Este lunes 15 es el Santo de mi madre. Por eso, y si me lo permiten, me gustaría hacer una excepción y dedicarle esta columna a ella. Mi madre es una anglófila acérrima. Enamorada de la cultura británica y desde niña obsesionada con vivir en el Reino Unido. Siendo una adolescente, durante los años sesenta, cogió la maleta y se fue para allá. Primero a Londres y después a una ciudad del norte de Inglaterra llamada Blackpool. Volvió a su hogar en España tras la muerte de Franco en 1975 pues, como ella misma afirma, no quería perderse aquel momento crucial en la historia de su nación (dice mucho de su carácter aventurero primero haberse ido completamente sola a un país desconocido y, después, cuando ya estaba establecida, volver a su tierra justo en el momento de mayor peligro e incertidumbre de esta). Años más tarde se casó, nací yo y ya no volvió al que posiblemente fuera el lugar en el que más feliz fue.
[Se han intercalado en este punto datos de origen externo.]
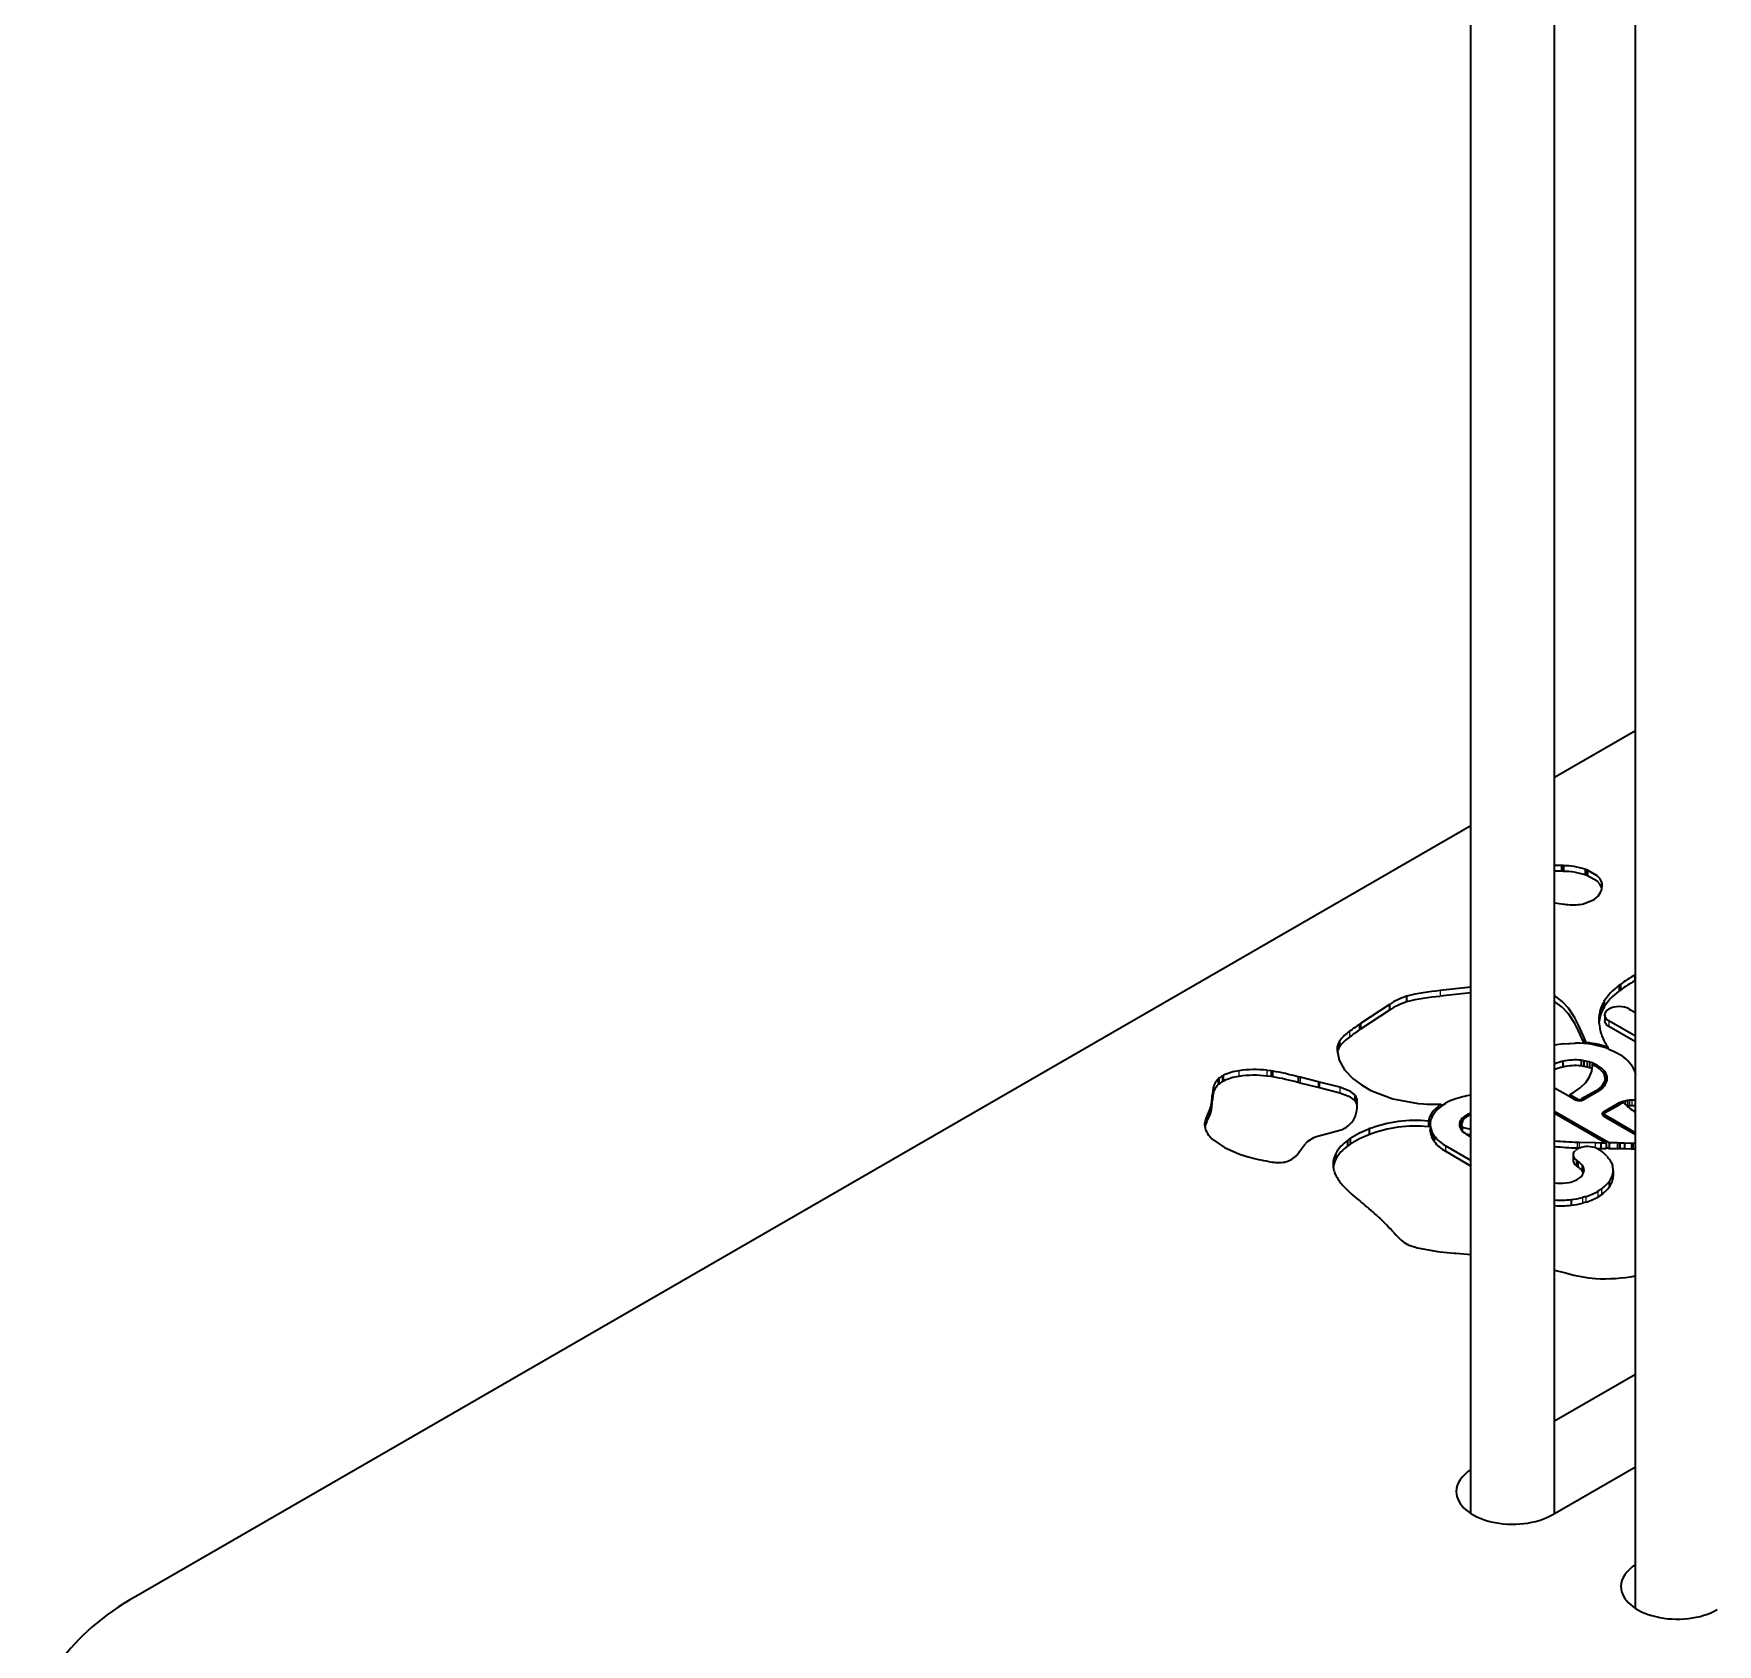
# Model space of a CAD drawing. Extents: x 276 to 1434, y 180 to 714.
# Drawn here: x 827.91 to 852.07, y 571.97 to 595.08 of the extents above; entities that cross this region are included whole.
import ezdxf

# ---------------------------------------------------------------- set-up
doc = ezdxf.new("R2010")
doc.units = 0

msp = doc.modelspace()

# ---------------------------------------------------------------- linework, layer by layer
at = {"color": 7, "lineweight": 35}
for p, q in [((848.534, 573.848), (848.534, 605.656)), ((849.734, 573.847), (849.734, 605.657)), ((850.896, 572.484), (850.896, 604.293)), ((829.375, 572.659), (848.534, 583.72))]:
    msp.add_line(p, q, dxfattribs=at)
at = {"color": 7, "lineweight": 35, "ltscale": 0.033525}
msp.add_line((849.734, 584.413), (850.896, 585.083), dxfattribs=at)
at = {"color": 7, "lineweight": 35, "ltscale": 0.002509}
for p, q in [((849.834, 583.146), (849.734, 583.147)), ((849.834, 583.064), (849.734, 583.065))]:
    msp.add_line(p, q, dxfattribs=at)
at = {"color": 7, "lineweight": 35, "ltscale": 0.000632128}
for p, q in [((849.86, 583.145), (849.834, 583.146)), ((849.86, 583.063), (849.834, 583.064))]:
    msp.add_line(p, q, dxfattribs=at)
at = {"color": 7, "lineweight": 35, "ltscale": 0.00204}
for p, q in [((849.834, 583.146), (849.834, 583.064)), ((849.86, 583.145), (849.86, 583.063)), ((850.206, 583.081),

Por eso, cuando su hijo tuvo trabajo e ingresos, decidió llevarla de vuelta. Era julio de 2010 y recuerdo como si fuera ayer los días que pasamos en la divertida, hortera y desacomplejada Blackpool. Una pequeña ciudad en la orilla del Mar de Irlanda, frente a la isla de Man, dedicada al turismo inglés. Con una playa tan infinita como fría, con un viento constante, con un montón de lugares de ocio a medio camino entre un sueño psicotrópico y darte igual que los hippies ya se jubilaron. Una torre gigante que imita a la de París. Salas de fiesta con fachadas desternillantemente freaks. Un parque de atracciones tan apretado que las vías de las montañas rusas pasan unas sobre otras. Puestos de fish and chips. Pubs donde quedarse a vivir. Casitas con jardincito alineadas con una perfección y un desapasionamiento inconfundiblemente británicos. Blackpool es tan inglés que casi ofende.
Mi madre lloró nada más subir al taxi que nos llevó del aeropuerto al hotel. Vi en su cara que, tres décadas después, no creía posible haber vuelto. Recuerdo descubrirla en el porche del hotelito con la mirada perdida en unas calles que eran como aquellas en las que ella caminó, pero que irremediablemente ya no eran las mismas. Ya no vivían aquellos a los que conoció. Los rincones, los lugares. Todo seguía igual en un modo. Todo era distinto en otro. Fueron días de felicidad, pero también de melancolía. Pocas cosas invitan más a ella que los viejos tranvías que recorren el paseo marítimo de Blackpool una tarde de domingo cuando el sol todo lo vuelve oro y la lluvia no sabe si caer o no empapándote mientras te pide disculpas. Anécdota divertida: esos días España ganó el mundial de fútbol. ¿Quién podía suponer que llegaríamos a la final? Mi madre y yo la vimos con un par de amables ingleses.
Han pasado ya algunos años. Hice otros viajes con mi madre. Vino a Barranquilla tres veces. Se enamoró de Cartagena. Volvió a España. El tiempo vuela y nada, solo los recuerdos, perdura. Pero, pase lo que pase, siempre recordaré a mi madre detenida en ese fin de semana. Con su fina piel blanca helada por el viento inglés y dorada por el sol del norte. Sentada en una terraza. Tomando un té. Mirándome con una media sonrisa. Viviendo esta extraña experiencia llamada vida.